# Work instruction
In the records below, reproduce exactly the lines from the one containing "At the start: 49" through the one containing "- net DDR3_A13: now", both included, and omit the pictures.

(Recorded data)

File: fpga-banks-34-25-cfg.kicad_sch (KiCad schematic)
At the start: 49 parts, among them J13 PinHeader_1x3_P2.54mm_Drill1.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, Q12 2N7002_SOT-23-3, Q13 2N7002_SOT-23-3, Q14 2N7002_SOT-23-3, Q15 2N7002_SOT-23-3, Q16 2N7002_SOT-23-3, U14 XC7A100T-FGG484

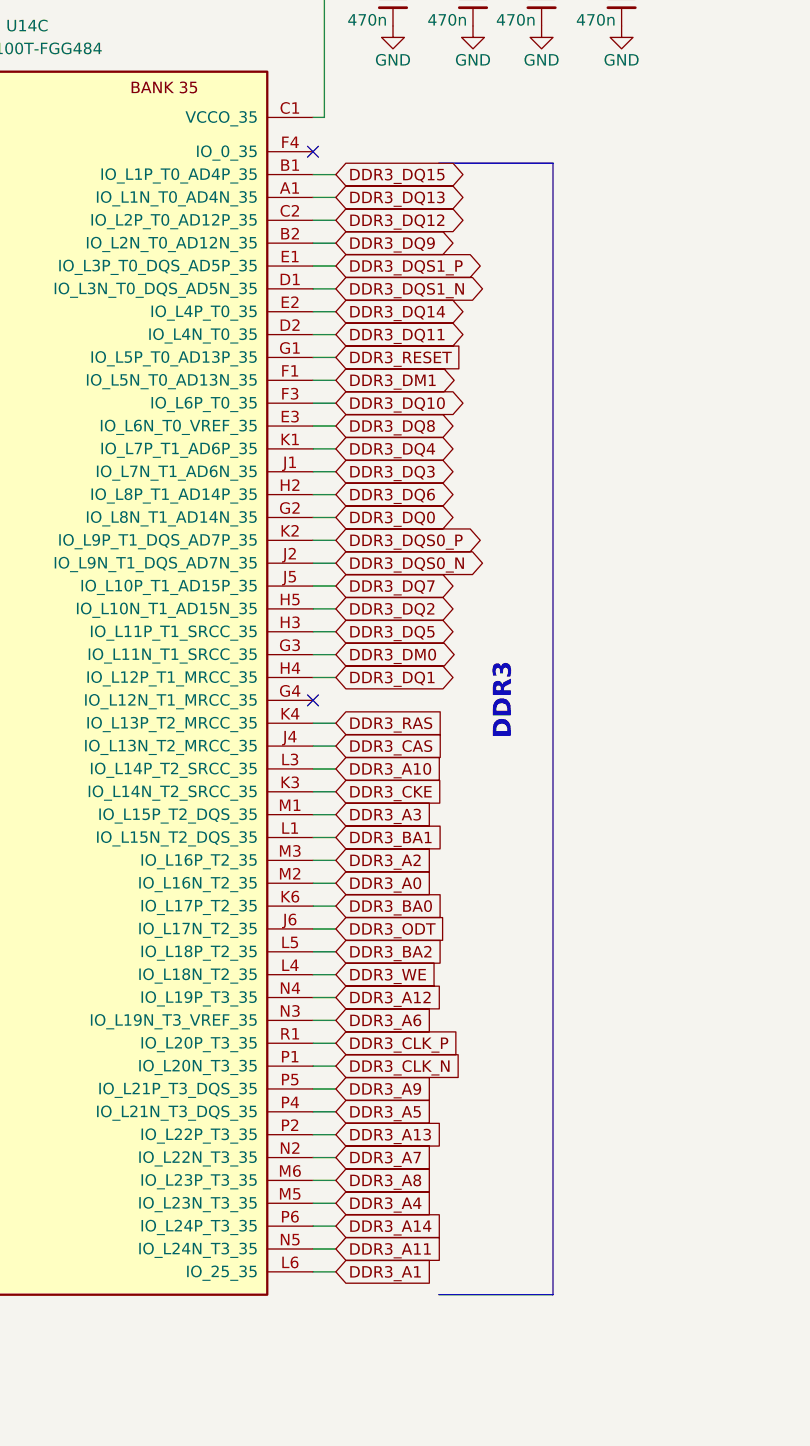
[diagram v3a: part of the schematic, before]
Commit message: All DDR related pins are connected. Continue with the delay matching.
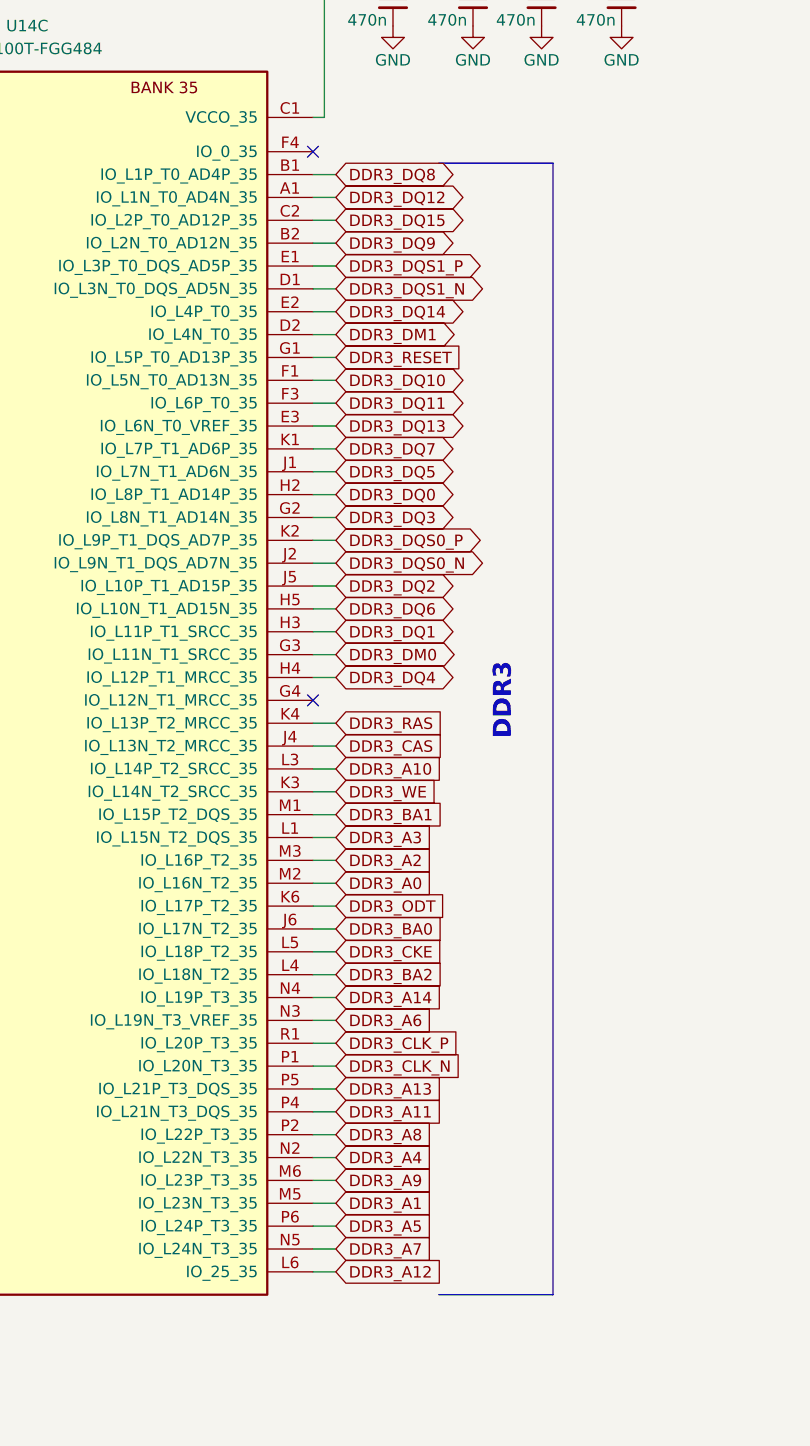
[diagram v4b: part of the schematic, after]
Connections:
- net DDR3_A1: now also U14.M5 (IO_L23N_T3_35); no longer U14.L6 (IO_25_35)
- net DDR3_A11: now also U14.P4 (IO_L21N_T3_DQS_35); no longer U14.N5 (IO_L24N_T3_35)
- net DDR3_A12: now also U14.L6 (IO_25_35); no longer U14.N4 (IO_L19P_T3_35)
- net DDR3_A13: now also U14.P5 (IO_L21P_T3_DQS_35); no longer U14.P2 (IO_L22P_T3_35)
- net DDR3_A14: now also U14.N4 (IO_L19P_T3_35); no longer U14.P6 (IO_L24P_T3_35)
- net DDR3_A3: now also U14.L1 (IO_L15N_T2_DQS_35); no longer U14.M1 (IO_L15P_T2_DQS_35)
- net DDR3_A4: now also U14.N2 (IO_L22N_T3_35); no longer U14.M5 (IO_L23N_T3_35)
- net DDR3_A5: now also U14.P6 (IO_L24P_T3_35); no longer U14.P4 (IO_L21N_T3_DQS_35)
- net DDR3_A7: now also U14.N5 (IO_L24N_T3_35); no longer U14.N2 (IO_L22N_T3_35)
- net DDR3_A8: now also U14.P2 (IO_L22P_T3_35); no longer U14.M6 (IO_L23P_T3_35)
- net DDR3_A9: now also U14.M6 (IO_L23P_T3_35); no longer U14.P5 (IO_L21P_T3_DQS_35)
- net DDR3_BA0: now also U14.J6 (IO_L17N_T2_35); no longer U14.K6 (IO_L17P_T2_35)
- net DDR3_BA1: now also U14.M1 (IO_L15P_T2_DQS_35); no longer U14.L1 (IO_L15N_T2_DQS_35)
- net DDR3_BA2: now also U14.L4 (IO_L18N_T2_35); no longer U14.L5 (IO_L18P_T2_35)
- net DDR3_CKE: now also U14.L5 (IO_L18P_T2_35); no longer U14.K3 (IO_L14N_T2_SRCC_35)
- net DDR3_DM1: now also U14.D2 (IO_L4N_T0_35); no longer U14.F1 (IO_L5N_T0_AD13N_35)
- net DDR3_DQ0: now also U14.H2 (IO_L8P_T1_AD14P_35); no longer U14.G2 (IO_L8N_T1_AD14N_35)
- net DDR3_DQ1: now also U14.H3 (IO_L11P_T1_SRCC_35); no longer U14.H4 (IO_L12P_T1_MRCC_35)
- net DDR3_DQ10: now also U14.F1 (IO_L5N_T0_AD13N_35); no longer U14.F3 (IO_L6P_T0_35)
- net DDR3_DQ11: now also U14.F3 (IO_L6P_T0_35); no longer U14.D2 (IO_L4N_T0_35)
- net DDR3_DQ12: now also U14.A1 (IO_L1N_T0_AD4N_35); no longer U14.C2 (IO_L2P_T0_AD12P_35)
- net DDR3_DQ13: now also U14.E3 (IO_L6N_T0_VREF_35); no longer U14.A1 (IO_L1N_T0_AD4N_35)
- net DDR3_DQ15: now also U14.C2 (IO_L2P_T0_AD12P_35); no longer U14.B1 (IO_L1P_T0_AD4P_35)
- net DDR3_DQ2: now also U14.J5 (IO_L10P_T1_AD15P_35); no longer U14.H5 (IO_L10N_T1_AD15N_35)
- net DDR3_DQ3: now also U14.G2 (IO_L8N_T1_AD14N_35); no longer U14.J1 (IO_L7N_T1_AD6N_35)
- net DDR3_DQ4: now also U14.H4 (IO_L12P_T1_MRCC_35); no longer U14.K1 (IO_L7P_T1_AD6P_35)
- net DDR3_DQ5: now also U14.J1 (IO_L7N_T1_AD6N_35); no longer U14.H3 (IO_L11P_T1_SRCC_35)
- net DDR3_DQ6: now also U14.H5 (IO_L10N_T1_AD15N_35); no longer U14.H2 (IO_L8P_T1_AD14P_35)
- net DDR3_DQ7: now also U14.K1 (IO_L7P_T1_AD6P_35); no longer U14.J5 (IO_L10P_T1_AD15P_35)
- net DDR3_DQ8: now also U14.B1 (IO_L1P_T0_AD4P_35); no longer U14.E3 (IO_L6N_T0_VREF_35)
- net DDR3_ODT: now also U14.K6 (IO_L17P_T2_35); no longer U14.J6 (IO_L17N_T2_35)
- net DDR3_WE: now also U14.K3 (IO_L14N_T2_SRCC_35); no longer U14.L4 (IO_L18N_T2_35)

# Answer box
At the start: 49 parts, among them J13 PinHeader_1x3_P2.54mm_Drill1., Q12 2N7002_SOT-23-3, Q13 2N7002_SOT-23-3, Q14 2N7002_SOT-23-3, Q15 2N7002_SOT-23-3, Q16 2N7002_SOT-23-3, U14 XC7A100T-FGG484

[diagram v3a: part of the schematic, before]
Commit message: All DDR related pins are connected. Continue with the delay matching.
[diagram v4b: part of the schematic, after]
Connections:
- net DDR3_A1: now also U14.M5 (IO_L23N_T3_35); no longer U14.L6 (IO_25_35)
- net DDR3_A11: now also U14.P4 (IO_L21N_T3_DQS_35); no longer U14.N5 (IO_L24N_T3_35)
- net DDR3_A12: now also U14.L6 (IO_25_35); no longer U14.N4 (IO_L19P_T3_35)
- net DDR3_A13: now also U14.P5 (IO_L21P_T3_DQS_35); no longer U14.P2 (IO_L22P_T3_35)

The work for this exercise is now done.